Les Suisses font le joint
Info 10
Un Suisse sur cinq admet avoir déjà fumé du chanvre. Mais il y a mieux (ou pis, selon les cas...) 49% des Helvètes seraient pour une dépénalisation de la consommation de cette drogue douce. Voilà ce qui ressort d’un sondage, publié hier par le SonnstagsBlick, qui cite, de plus, le témoignage de cent personnalités "fumeuses".
A quelle fréquence avez-vous fumé du haschisch ?

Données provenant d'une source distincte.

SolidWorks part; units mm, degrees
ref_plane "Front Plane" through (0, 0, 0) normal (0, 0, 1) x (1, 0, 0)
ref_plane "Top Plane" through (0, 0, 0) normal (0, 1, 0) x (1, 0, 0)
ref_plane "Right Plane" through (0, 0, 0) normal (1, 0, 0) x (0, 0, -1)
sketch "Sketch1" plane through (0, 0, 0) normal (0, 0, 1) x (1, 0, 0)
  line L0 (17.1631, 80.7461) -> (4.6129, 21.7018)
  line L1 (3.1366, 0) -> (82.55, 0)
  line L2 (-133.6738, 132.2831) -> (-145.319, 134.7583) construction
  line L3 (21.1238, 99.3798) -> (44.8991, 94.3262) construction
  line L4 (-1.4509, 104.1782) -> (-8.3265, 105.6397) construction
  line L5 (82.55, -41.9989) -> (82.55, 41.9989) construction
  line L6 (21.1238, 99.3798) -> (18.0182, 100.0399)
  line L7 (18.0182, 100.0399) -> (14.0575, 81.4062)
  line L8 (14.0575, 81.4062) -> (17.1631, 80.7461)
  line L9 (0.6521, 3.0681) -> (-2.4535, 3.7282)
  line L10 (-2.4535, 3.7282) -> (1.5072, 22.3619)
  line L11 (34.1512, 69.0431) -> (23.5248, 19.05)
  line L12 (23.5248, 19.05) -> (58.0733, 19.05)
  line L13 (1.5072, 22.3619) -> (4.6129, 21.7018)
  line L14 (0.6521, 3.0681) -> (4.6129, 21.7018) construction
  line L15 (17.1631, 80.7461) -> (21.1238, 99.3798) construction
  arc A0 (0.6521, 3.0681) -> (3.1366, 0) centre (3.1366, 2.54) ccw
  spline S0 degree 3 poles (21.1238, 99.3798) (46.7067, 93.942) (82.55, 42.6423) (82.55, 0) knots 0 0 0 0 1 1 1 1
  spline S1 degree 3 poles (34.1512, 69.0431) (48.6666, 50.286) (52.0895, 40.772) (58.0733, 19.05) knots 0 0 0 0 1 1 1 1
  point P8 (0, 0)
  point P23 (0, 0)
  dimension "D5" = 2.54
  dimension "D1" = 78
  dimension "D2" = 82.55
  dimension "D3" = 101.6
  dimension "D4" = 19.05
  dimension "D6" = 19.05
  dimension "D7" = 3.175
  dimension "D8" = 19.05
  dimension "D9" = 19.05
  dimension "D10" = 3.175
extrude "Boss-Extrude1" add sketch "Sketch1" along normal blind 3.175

Plus d’une fois par jour 5%
Une fois par jour 7%
Une fois par semaine 13%
De temps à autre 32%
Seulement une fois 26%
Pensez-vous que la consommation de haschisch ne doit pas être punissable ?
OUI 49%
NON 41%
Claude Frey "Je suis contre !"
Claude Frey, vous vous opposez à une légalisation de la consommation du H. Pourquoi ?
Même si la nocivité du haschisch est moins grande que celle de drogues dures, son interdiction permet une première barrière. Chaque fumeur ne devient certes pas accroché aux drogues dures, mais tous les toxicomanes ont commencé en fumant !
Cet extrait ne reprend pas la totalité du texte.